I’m reading the book of Woollaston’s letters – didn’t think I would, thought I would just dip in here and there, but a fellow in Auckland who I’ve been corresponding intermittently with – he’s writing something about Tony Fomison – said there’s something about the fate of the Fomison-Woollaston correspondence in the intro, so I read that and then just . . . keep on going. On this trip I read sequentially through the late 1920s and the early to mid 1930s, including those letters where Toss recounts the famous lessons with Flora Scales. The way he describes how he broke down her defences with his youthful importunities just long enough to receive the five lessons he had is very amusing; as is the rueful admission that, in the end, she got rid of him by allowing him to copy her lecture notes from the Hofman school in Munich. What did he learn from her? How to escape from the tyranny of perspective – and, equally, the related tyranny of verisimilitude . . . but not, perhaps, the tyranny of working every day.

This is from later in the decade, a letter to Roderick Finlayson: Forgo associations altogether if you can – the subject is the immediate object only, and its character is adequate – indeed too profound ever to be realised in expression quite as one wishes. And this from a still later letter to Ursula Bethel: I haven’t any competence, and realise this every time I set out to draw. And I hardly ever feel that I dare try to achieve it, because I find myself looking at something which no competence, had I any, could express . . . it must all be done at the time of vision.

As we are pulling in to Newcastle I recall Ivor’s description of it yesterday, the green light sparking from the tram-wires, as Les Murray’s first view of the metropolis, way back in the 1950s when it was both a more vibrant, and more uniform, city than it is now. I de-train and cross the road to the Great Northern and there, in the dusky golden afternoon light, order a schooner of Green. An old guy from the train is also in there, with his schooner of New. I sit on a high stool at a table by the window waiting for Maggie and Ella to arrive; I see on the wall a poster announcing Reggae Got Soul are performing here the third Friday of every month and wonder if my friend Dom is still toasting with them. He rang up yesterday and invited us to go out to Mudgee for the weekend with him and Sylvia but we don’t have the funds. There’s a text from my younger son, in answer to my query about how the game went today: Not well I played well but it ended 9 – 2. I say I hope he’s not too upset about it and he replies with: Nup it was a good game anyway.
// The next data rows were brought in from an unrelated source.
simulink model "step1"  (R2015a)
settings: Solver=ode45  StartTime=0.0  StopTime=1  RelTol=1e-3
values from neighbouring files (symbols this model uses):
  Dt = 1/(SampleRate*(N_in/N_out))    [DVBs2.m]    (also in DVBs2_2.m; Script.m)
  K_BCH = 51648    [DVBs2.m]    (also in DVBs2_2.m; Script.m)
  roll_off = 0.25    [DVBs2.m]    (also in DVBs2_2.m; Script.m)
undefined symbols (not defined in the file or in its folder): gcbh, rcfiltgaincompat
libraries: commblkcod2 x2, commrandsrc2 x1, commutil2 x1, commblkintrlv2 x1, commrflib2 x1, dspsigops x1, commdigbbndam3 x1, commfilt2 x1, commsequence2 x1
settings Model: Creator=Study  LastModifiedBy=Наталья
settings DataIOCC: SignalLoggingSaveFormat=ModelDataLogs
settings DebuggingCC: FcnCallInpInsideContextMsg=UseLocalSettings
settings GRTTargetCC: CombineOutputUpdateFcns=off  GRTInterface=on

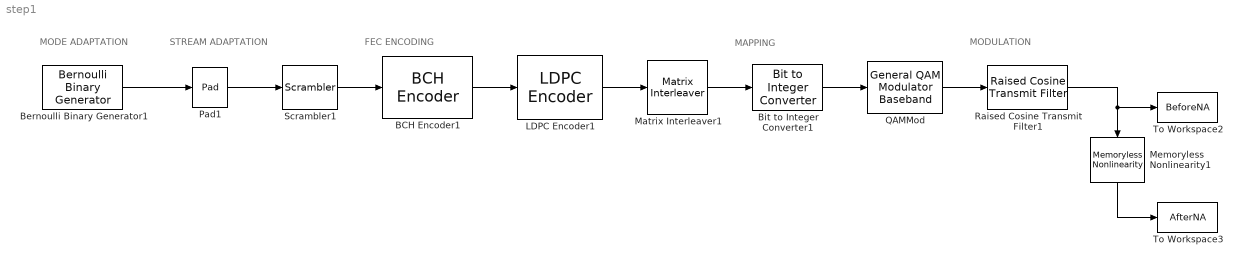
== system step1 ==
  note: MODULATION
  note: MAPPING
  note: FEC ENCODING
  note: STREAM ADAPTATION
  note: MODE ADAPTATION
  BCH Encoder1 : commblkcod2/BCH Encoder  n=N_BCH  k=K_BCH  specShortening=off  shortenedK=5  specGenPoly=on  genPoly=BCHGeneratorPoly  specPrimPoly=on  prPoly=BCHPrimitivePoly  specDisableGenCheck=off  specPuncture=off  punctVec=[ones(8,1); zeros(2,1)]
  Bernoulli Binary Generator1 : commrandsrc2/Bernoulli Binary Generator  P=0.5  seed=61  Ts=Dt  frameBased=on  sampPerFrame=N_in  orient=off  outDataType=double
  Bit to Integer Converter1 : commutil2/Bit to Integer Converter  nbits=NMOD  bitOrder=MSB first  signedOutputValues=Unsigned  outDtype=Inherit via internal rule  outDtypeSigned=Inherit via internal rule
  LDPC Encoder1 : commblkcod2/LDPC Encoder  ParityCheckMat=H
  Matrix Interleaver1 : commblkintrlv2/Matrix Interleaver  Nrows=Numofcols  Ncols=Numofrows
  Memoryless Nonlinearity1 : commrflib2/Memoryless Nonlinearity  model_select=Saleh model  linGaindB=0  GindB=0  iip3=30  am2pm=10  LPwrLimAMPM=10  UPwrLimAMPM=inf  amam=AM_AM  ampm=AM_PM  x=[8.1081 1.5413 6.5202 -0.0718]  y=[4.6645 2.0965 10.88 -0.003]  p=0.5  GoutdB=0  vsat=1
  Pad1 : dspsigops/Pad  padAlong=Columns  dimsToPad=1  valSrc=Specify via dialog  padVal=0  spec=Output size  padNumOutRowsSpecMethod=User-specified  numOutRows=K_BCH  padNumOutColsSpecMethod=User-specified  numOutCols=1  isVarDimsMode=off  padBeginning=0  padEnd=0  outSizeMode=User-specified  outSize=1  padSigAt=End  trunc_flag=None  roundingMode=Floor  overflowMode=off  truncOrWrapMode=Truncate  wrap_flag=None
  QAMMod : commdigbbndam3/General QAM Modulator Baseband  SigCon=[0.569019721201925+0.569019721201925i 0.777295394416168+0.208275673214243i 1.33112156537232+0.551368605544519i 1.4407956 -0.569019721201925+0.569019721201925i -0.777295394416168+0.208275673214243i -1.01879633906374+1.01879633906374i -1.33112156537232+0.551368605544519i 0.569019721201925-0.569019721201925i 0.777295394416168-0.208275673214244i 1.01879633906374-1.01879633906374i 1.33112156537232-0.55136860554452i -0.569019721201925-0.569019721201925i -0.777295394416168-0.208275673214243i -1.33112156537232-0.551368605544519i -1.4407956+1.76446571976559e-16i 0.208275673214243+0.777295394416168i 0.209198426912472+0.209198426912472i 0.551368605544519+1.33112156537232i 1.01879633906374+1.01879633906374i -0.208275673214243+0.777295394416168i -0.209198426912472+0.209198426912472i 8.82232859882795e-17+1.4407956i -0.551368605544519+1.33112156537232i 0.208275673214243-0.777295394416168i 0.209198426912472-0.209198426912472i -2.64669857964839e-16-1.4407956i 0.551368605544519-1.33112156537232i -0.208275673214244-0.777295394416168i -0.209198426912472-0.209198426912472i -0.55136860554452-1.33112156537232i -1.01879633906374-1.01879633906374i]  outDtype=double  outWordLen=16  outUDDataType=sfix(16)  outFracLenMode=Best precision  outFracLen=15
  Raised Cosine Transmit Filter1 : commfilt2/Raised Cosine Transmit Filter  filtType=Square root  filtSpan=2*(10)/2  currentFiltSpan=2*(10)/2  D=(2*(10)/2)/2  R=roll_off  sampMode=Mute  saveAsFlag=0  N=8  framing=Enforce single-rate processing  InputProcessing=Columns as channels (frame based)  checkGain=Normalized  filterGain=rcfiltgaincompat(gcbh)  checkCoeff=off  variableName=rcTxFilt1  launchFVT=off  roundingMode=Floor  overflowMode=off
  Scrambler1 : commsequence2/Scrambler  M=2  poly=[1 0 0 0 0 0 0 0 0 0 0 0 0 0 1 1]  iniStaSource=Dialog Parameter  ini_sta=[1 0 0 1 0 1 0 1 0 0 0 0 0 0 0]  resetViaPort=off
  To Workspace2 : ToWorkspace  VariableName=BeforeNA  SampleTime=-1
      settings: Save2DSignal=2-D array (concatenate along first dimension)
  To Workspace3 : ToWorkspace  VariableName=AfterNA  SampleTime=-1
      settings: Save2DSignal=2-D array (concatenate along first dimension)
  wires:
  Bernoulli Binary Generator1/1 -> Pad1/1
  Scrambler1/1 -> BCH Encoder1/1
  BCH Encoder1/1 -> LDPC Encoder1/1
  Pad1/1 -> Scrambler1/1
  Matrix Interleaver1/1 -> Bit to Integer Converter1/1
  Bit to Integer Converter1/1 -> QAMMod/1
  LDPC Encoder1/1 -> Matrix Interleaver1/1
  QAMMod/1 -> Raised Cosine Transmit Filter1/1
  Memoryless Nonlinearity1/1 -> To Workspace3/1
  Raised Cosine Transmit Filter1/1 -> To Workspace2/1, Memoryless Nonlinearity1/1

M and E come in the back way . . . that’s because Ella knows she’s only allowed in the rear part of the bar so that’s where we sit while she has her glass of orange juice and M her glass of wine. We leave the same way they came in, through a room full of helium balloons for someone’s 21st later on in the day. They are tied to the chairs at tables set with white cloths; and cluster on the ceiling like silver sperm that have lost their way; or as if the roof were the membrane of an egg. The light outside is, as they say, blinding . . .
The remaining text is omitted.